I have a script I am requiring from a Node.js script, which I want to keep JavaScript engine independent.
For example, I want to do exports.x = y;
only if it’s running under Node.js. How can I perform this test?
When posting this question, I didn’t know the Node.js modules feature is based on CommonJS.
For the specific example I gave, a more accurate question would’ve been:
How can a script tell whether it has been required as a CommonJS module?
Well there's no reliable way to detect running in Node.js since every website could easily declare the same variables, yet, since there's no window
object in Node.js by default you can go the other way around and check whether you're running inside a Browser.
This is what I use for libs that should work both in a Browser and under Node.js:
if (typeof window === 'undefined') {
exports.foo = {};
} else {
window.foo = {};
}
It might still explode in case that window
is defined in Node.js but there's no good reason for someone do this, since you would explicitly need to leave out var
or set the property on the global
object.
EDIT
For detecting whether your script has been required as a CommonJS module, that's again not easy.

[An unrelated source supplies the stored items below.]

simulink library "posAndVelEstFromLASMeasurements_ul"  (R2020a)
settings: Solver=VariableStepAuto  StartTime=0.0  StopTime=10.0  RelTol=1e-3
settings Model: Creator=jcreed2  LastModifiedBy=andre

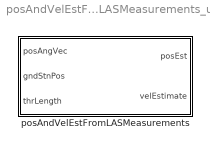
== system posAndVelEstFromLASMeasurements_ul ==
  posAndVelEstFromLASMeasurements : Subsystem

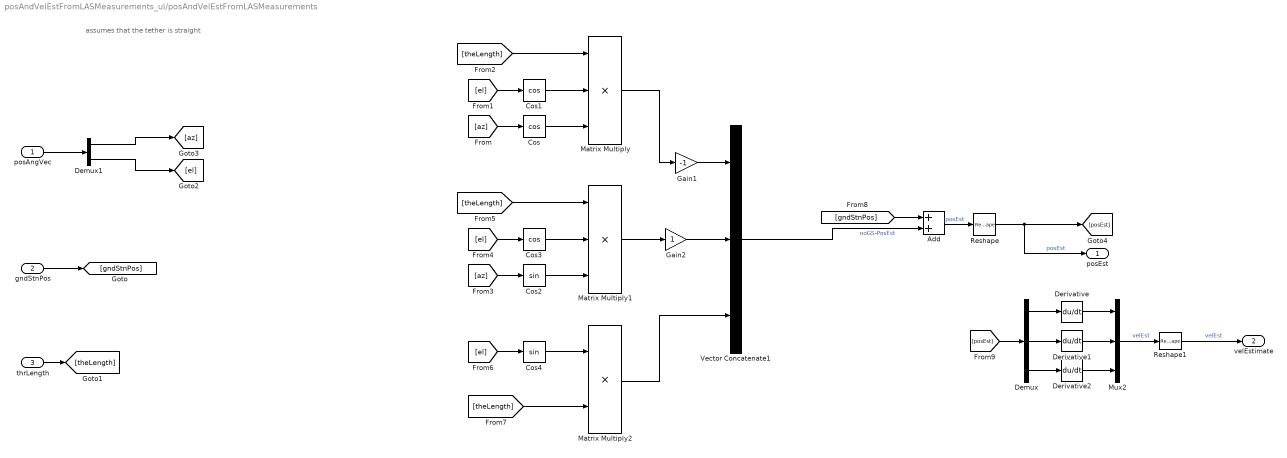
== system posAndVelEstFromLASMeasurements_ul/posAndVelEstFromLASMeasurements ==
  note: assumes that the tether is straight
  posAngVec : Inport
  gndStnPos : Inport  Port=2
  thrLength : Inport  Port=3
  Add : Sum
  Cos : Trigonometry  Operator=cos
  Cos1 : Trigonometry  Operator=cos
  Cos2 : Trigonometry
  Cos3 : Trigonometry  Operator=cos
  Cos4 : Trigonometry
  Demux : Demux  Outputs=3
  Demux1 : Demux  Outputs=2
  Derivative : Derivative
  Derivative1 : Derivative
  Derivative2 : Derivative
  Gain1 : Gain  Gain=-1
  Gain2 : Gain
  Matrix Multiply : Product  Inputs=3
  Matrix Multiply1 : Product  Inputs=3
  Matrix Multiply2 : Product
  Mux2 : Mux  Inputs=3
  Reshape : Reshape  OutputDimensionality=Column vector (2-D)
  Reshape1 : Reshape  OutputDimensionality=Column vector (2-D)
  Vector Concatenate1 : Concatenate  NumInputs=3
  posEst : Outport
  velEstimate : Outport  Port=2
  wires:
  Cos2/1 -> Matrix Multiply1/3
  thrLength/1 -> [theLength]
  [az] -> Cos2/1
  Derivative/1 -> Mux2/1
  Cos/1 -> Matrix Multiply/3
  Demux/3 -> Derivative2/1
  Matrix Multiply/1 -> Gain1/1
  Matrix Multiply1/1 -> Gain2/1
  Reshape/1 -> [posEst], posEst/1  "posEst"
  gndStnPos/1 -> [gndStnPos]
  [theLength] -> Matrix Multiply/1
  Cos1/1 -> Matrix Multiply/2
  [theLength] -> Matrix Multiply2/2
  Demux/2 -> Derivative1/1
  Derivative1/1 -> Mux2/2
  [theLength] -> Matrix Multiply1/1
  [gndStnPos] -> Add/1
  posAngVec/1 -> Demux1/1
  Cos4/1 -> Matrix Multiply2/1
  [el] -> Cos3/1
  [az] -> Cos/1
  Vector Concatenate1/1 -> Add/2  "noGS-PosEst"
  [el] -> Cos4/1
  Cos3/1 -> Matrix Multiply1/2
  Matrix Multiply2/1 -> Vector Concatenate1/3
  [el] -> Cos1/1
  Mux2/1 -> Reshape1/1  "velEst"
  Demux/1 -> Derivative/1
  Derivative2/1 -> Mux2/3
  [posEst] -> Demux/1
  Demux1/2 -> [el]
  Add/1 -> Reshape/1  "posEst"
  Reshape1/1 -> velEstimate/1  "velEst"
  Gain1/1 -> Vector Concatenate1/1
  Gain2/1 -> Vector Concatenate1/2
  Demux1/1 -> [az]
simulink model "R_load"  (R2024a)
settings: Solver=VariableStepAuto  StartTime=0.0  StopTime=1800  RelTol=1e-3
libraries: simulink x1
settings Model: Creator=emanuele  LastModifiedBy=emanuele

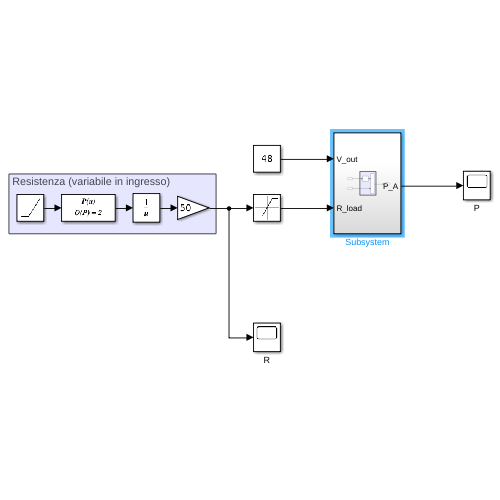
[thumbnail: Simulink's stored preview of the top-level diagram]
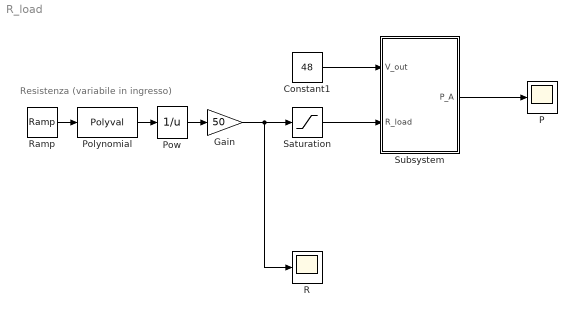
== system R_load ==
  note: Resistenza (variabile in ingresso)
  Constant1 : Constant  Value=48
  Gain : Gain  Gain=50
  P : Scope
  Polynomial : Polyval  Coefs=[10e-4 0 0]
  Pow : Math  Operator=reciprocal  SignedPower=on  RndMeth=Zero
  R : Scope
  Ramp : simulink/Sources/Ramp  slope=0.12  start=10  InitialOutput=0
  Saturation : Saturate  UpperLimit=230  LowerLimit=1.5
  Subsystem : Subsystem
  wires:
  Ramp/1 -> Polynomial/1
  Polynomial/1 -> Pow/1
  Pow/1 -> Gain/1
  Gain/1 -> Saturation/1, R/1
  Constant1/1 -> Subsystem/1(V_out)
  Saturation/1 -> Subsystem/2(R_load)
  Subsystem/1(P_A) -> P/1

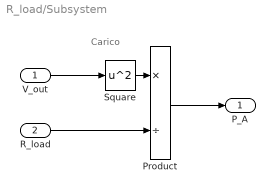
== system R_load/Subsystem ==
  note: Carico
  V_out : Inport  Unit=V
  R_load : Inport  Port=2  Unit=Ω
  Product : Product  Inputs=*/
  Square : Math  Operator=square
  P_A : Outport  Unit=W
  wires:
  Square/1 -> Product/1
  R_load/1 -> Product/2
  Product/1 -> P_A/1
  V_out/1 -> Square/1
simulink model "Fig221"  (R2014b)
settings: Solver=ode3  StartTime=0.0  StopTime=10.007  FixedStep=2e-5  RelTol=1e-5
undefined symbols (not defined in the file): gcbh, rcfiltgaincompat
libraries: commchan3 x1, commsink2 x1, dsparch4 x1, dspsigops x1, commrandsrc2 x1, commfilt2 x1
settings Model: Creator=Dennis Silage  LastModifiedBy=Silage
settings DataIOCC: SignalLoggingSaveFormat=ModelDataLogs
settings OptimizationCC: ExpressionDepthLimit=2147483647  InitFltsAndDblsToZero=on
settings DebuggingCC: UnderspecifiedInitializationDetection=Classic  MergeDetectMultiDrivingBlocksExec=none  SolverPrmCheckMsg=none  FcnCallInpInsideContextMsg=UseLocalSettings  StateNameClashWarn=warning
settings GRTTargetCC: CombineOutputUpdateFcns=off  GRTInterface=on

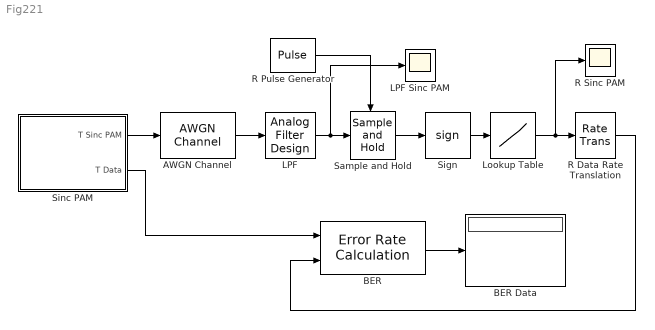
== system Fig221 ==
  AWGN Channel : commchan3/AWGN Channel  InputProcessing=Inherited (this choice will be removed - see release notes)  seed=randseed  noiseMode=Variance from mask  EbNodB=10  EsNodB=10  SNRdB=10  bitsPerSym=1  Ps=1  Tsym=1  variance=0
  BER : commsink2/Error Rate Calculation  N=8  st_delay=0  cp_mode=Entire frame  subframe=[]  PMode=Port  WsName=ErrorVec  RsMode2=off  stop=off  numErr=100  maxBits=1e6
  BER Data : Display
  LPF : dsparch4/Analog Filter Design  method=Chebyshev I  filttype=Lowpass  N=9  Wlo=2*pi*600  Whi=80  Rp=0.1  Rs=40
  LPF Sinc PAM : Scope
      settings: TimeRange=0.05  YMin=-8  YMax=8  SaveName=ScopeData3
  Lookup Table : Lookup_n-D  NumberOfTableDimensions=1  BreakpointsForDimension1=[-1,0,1]  BreakpointsForDimension3=[5, 7]  Table=[-1,-1,1]  InternalRulePriority=Speed  RndMeth=Simplest  InputSameDT=on
  R Data Rate Translation : RateTransition  OutPortSampleTime=1e-3
  R Pulse Generator : DiscretePulseGenerator  PulseType=Time based  Period=1e-3  PulseWidth=10
  R Sinc PAM : Scope
      settings: TimeRange=0.05  YMin=-8  YMax=8
  Sample and Hold : dspsigops/Sample and Hold  trig=Rising edge  initCond=0  latchinput=off
  Sign : Signum
  Sinc PAM : Subsystem
  wires:
  BER/1 -> BER Data/1
  R Pulse Generator/1 -> Sample and Hold/Trigger
  Sign/1 -> Lookup Table/1
  Sample and Hold/1 -> Sign/1
  Lookup Table/1 -> R Data Rate Translation/1, R Sinc PAM/1
  R Data Rate Translation/1 -> BER/2
  AWGN Channel/1 -> LPF/1
  LPF/1 -> Sample and Hold/1, LPF Sinc PAM/1
  Sinc PAM/1("T Sinc PAM ") -> AWGN Channel/1
  Sinc PAM/2(T Data) -> BER/1

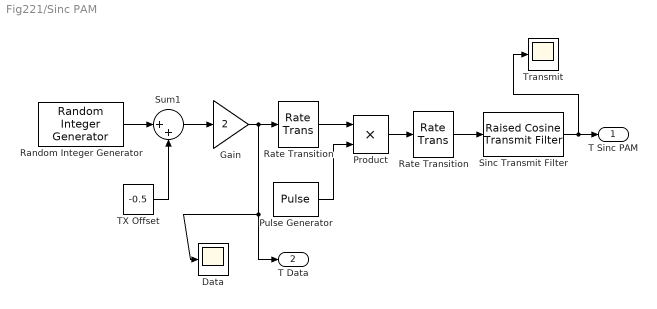
== system Fig221/Sinc PAM ==
  " Rate Transition" : RateTransition  OutPortSampleTime=1e-3
  Data : Scope
      settings: TimeRange=0.05  YMin=-8  YMax=8  SaveName=ScopeData2
  Gain : Gain  Gain=2
  Product : Product  RndMeth=Zero
  Pulse Generator : DiscretePulseGenerator  PulseType=Time based  Period=1e-3  PulseWidth=2
  Random Integer Generator : commrandsrc2/Random Integer Generator  mul=2  seed=randseed  Ts=1e-3  frameBased=off  sampPerFrame=50  orient=off  outDataType=double
  Rate Transition : RateTransition  OutPortSampleTime=2e-5
  Sinc Transmit Filter : commfilt2/Raised Cosine Transmit Filter  filtType=Normal  filtSpan=2*(4)  currentFiltSpan=2*(4)  D=4  R=0  sampMode=Mute  saveAsFlag=0  N=50  framing=Maintain input frame size  InputProcessing=Inherited (this choice will be removed - see release notes)  checkGain=User-specified  filterGain=(5)*rcfiltgaincompat(gcbh)  checkCoeff=off  variableName=rcTxFilt  launchFVT=off  roundingMode=Floor  overflowMode=off
  Sum1 : Sum  Inputs=|++
  TX Offset : Constant  Value=-0.5
  Transmit : Scope
      settings: TimeRange=0.05  YMin=-8  YMax=8
  "T Sinc PAM " : Outport
  T Data : Outport  Port=2
  wires:
  Sum1/1 -> Gain/1
  TX Offset/1 -> Sum1/2
  Random Integer Generator/1 -> Sum1/1
  Gain/1 -> Rate Transition/1, Data/1, T Data/1
  Rate Transition/1 -> Product/1
  Pulse Generator/1 -> Product/2
  " Rate Transition"/1 -> Sinc Transmit Filter/1
  Product/1 -> " Rate Transition"/1
  Sinc Transmit Filter/1 -> Transmit/1, "T Sinc PAM "/1

Only thing commonJS specifies is that A: The modules will be included via a call to the function require
and B: The modules exports things via properties on the exports
object. Now how that is implement is left to the underlying system. Node.js wraps the module's content in an anonymous function:
function (exports, require, module, __filename, __dirname) {
See: https://github.com/ry/node/blob/master/src/node.js#L325
But don't try to detect that via some crazy arguments.callee.toString()
stuff, instead just use my example code above which checks for the Browser. Node.js is a way cleaner environment so it's unlikely that window
will be declared there.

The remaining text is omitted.